Les villes de son monde n'étaient pas que de pierre. Elles respiraient. Des lierres couraient le long des balcons, des arbres perçaient les places, des fleurs bordaient chaque seuil. La pierre et le vivant s'entremêlaient, chacun rendant l'autre plus beau. Ici, rien. La Cité était magnifique, immense, impossible, mais parfaitement stérile. Chaque rue, chaque voûte, chaque place : de la pierre, encore de la pierre, toujours de la pierre. Pas une feuille. Pas une racine. Pas même le souvenir d'une graine.
Alors, un cycle, sans prévenir personne, il s'est arrêté à un coin de rue.
Une pierre saillante dépassait du mur. Banale. Le genre d'aspérité que les passants contournent sans voir. Il a posé ses mains dessus. Il a fermé les yeux. Et pendant un temps que lui seul connaît, il a demandé.
Quand il a retiré ses mains, la pierre avait des feuilles.
Un buisson. Minéral, immobile, figé dans un printemps éternel, mais un buisson tout de même. Chaque feuille ciselée dans la roche, chaque branche fidèle au souvenir d'une plante qui poussait quelque part, dans un monde auquel la Gueule l'avait arraché. Les passants se sont arrêtés. Certains ont touché les feuilles de pierre, incrédules. D'autres sont restés à distance, observant avec une curiosité respectueuse.
Le lendemain, une nouvelle pierre avait poussé à côté du buisson.
La Cité l'avait offerte.
Il en a fait une fougère. Les frondes s'enroulaient sur elles-mêmes, chaque nervure tracée de mémoire, chaque spirale fidèle à une forme que la pierre n'avait jamais connue. Et le surlendemain, deux autres pierres attendaient. Puis trois. Puis davantage.
Le bruit s'est répandu. D'autres Argileurs sont venus. Chacun portait en lui le fantôme d'un monde différent, et chacun en a modelé les plantes. Des fleurs aux pétales épais comme des paumes, des herbes hautes figées dans un vent inexistant, des arbres aux troncs tordus par des saisons qui n'existaient plus. La Cité accompagnait. Le coin de rue s'est élargi. Les murs ont reculé. L'espace est devenu une place, puis un jardin, puis un quartier entier. La pierre se pliait à l'imitation de la vie avec une dévotion silencieuse.
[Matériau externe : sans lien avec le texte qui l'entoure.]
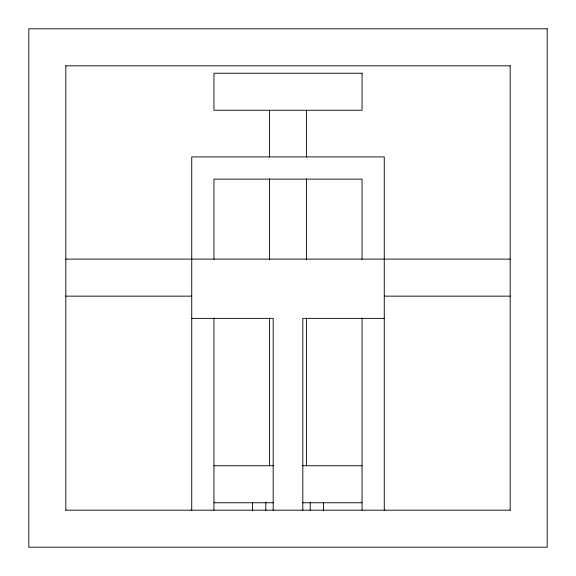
<?xml version="1.0" encoding="UTF-8"?>
<svg xmlns="http://www.w3.org/2000/svg" width="576" height="576" viewBox="0 0 576 576"><rect width="100%" height="100%" fill="white"/><g stroke="black" fill="none" stroke-linecap="round" stroke-linejoin="round"><path stroke-width="0.86" d="M65.83 65.83L510.17 65.83M65.83 259.121L510.17 259.121M65.83 296.143L191.729 296.143M384.271 296.143L510.17 296.143M191.729 318.362L273.19 318.362L273.19 510.408M384.271 318.362L302.81 318.362L302.81 510.408M213.941 465.739L273.55 465.739M302.45 465.739L362.059 465.739M213.941 502.769L273.55 502.769M302.45 502.769L362.059 502.769M65.83 510.17L510.17 510.17M510.17 65.7L510.17 510.3M384.271 510.17L384.271 156.917L191.729 156.917L191.729 510.17M362.059 259.193L362.059 179.136L213.941 179.136L213.941 259.193M362.059 318.125L362.059 510.17M323.546 502.438L323.546 510.494M310.219 502.171L310.219 510.17M306.511 110.261L306.511 157.061M306.511 178.661L306.511 259.654M306.511 318.146L306.511 465.739M269.489 110.261L269.489 157.061M269.489 178.661L269.489 259.654M269.489 318.146L269.489 465.739M265.81 502.171L265.81 510.17M252.454 502.438L252.454 510.494M213.941 318.125L213.941 510.17M65.83 65.7L65.83 510.3M547.2 28.8L28.8 28.8L28.8 547.2L547.2 547.2L547.2 28.8M362.059 73.231L213.941 73.231L213.941 110.261L362.059 110.261L362.059 73.231"/></g></svg>

Puis les artisans sont arrivés. Ceux qui savaient transformer la Lymphe en pigments. Ils ont peint les feuilles en vert, les fleurs en rouge, en jaune, en bleu. Des couleurs qui n'avaient rien à faire ici, dans cette cité monochrome. Et pourtant, elles tenaient. La Cité les acceptait comme elle avait accepté les formes.
On l'a appelé le Jardin Immobile.
Aujourd'hui, c'est un quartier entier. Des allées bordées de haies minérales, des clairières où des arbres de pierre projettent des ombres inutiles, des parterres de fleurs qui ne faneront jamais. Les habitants viennent s'y promener. Certains s'assoient entre les racines sculptées et restent là, sans rien dire, pendant que la Gueule égrène ses battements. D'autres touchent les feuilles peintes et ferment les yeux, comme s'ils pouvaient sentir un parfum que la pierre ne sait pas rendre.
Et lui, celui qui a modelé le premier buisson, il vient encore. Souvent, il traverse les allées qu'il a fait naître, passe ses doigts sur des feuilles qu'il connaît par cœur, s'arrête devant des plantes qu'il n'a pas créées, mais qu'il reconnaît quand même. Des fragments de mondes qu'il n'a jamais visités, figés dans la pierre par des mains qui comprenaient la même absence que les siennes.
Il ne modèle plus. Il n'en a plus besoin.
Le jardin pousse sans lui, désormais.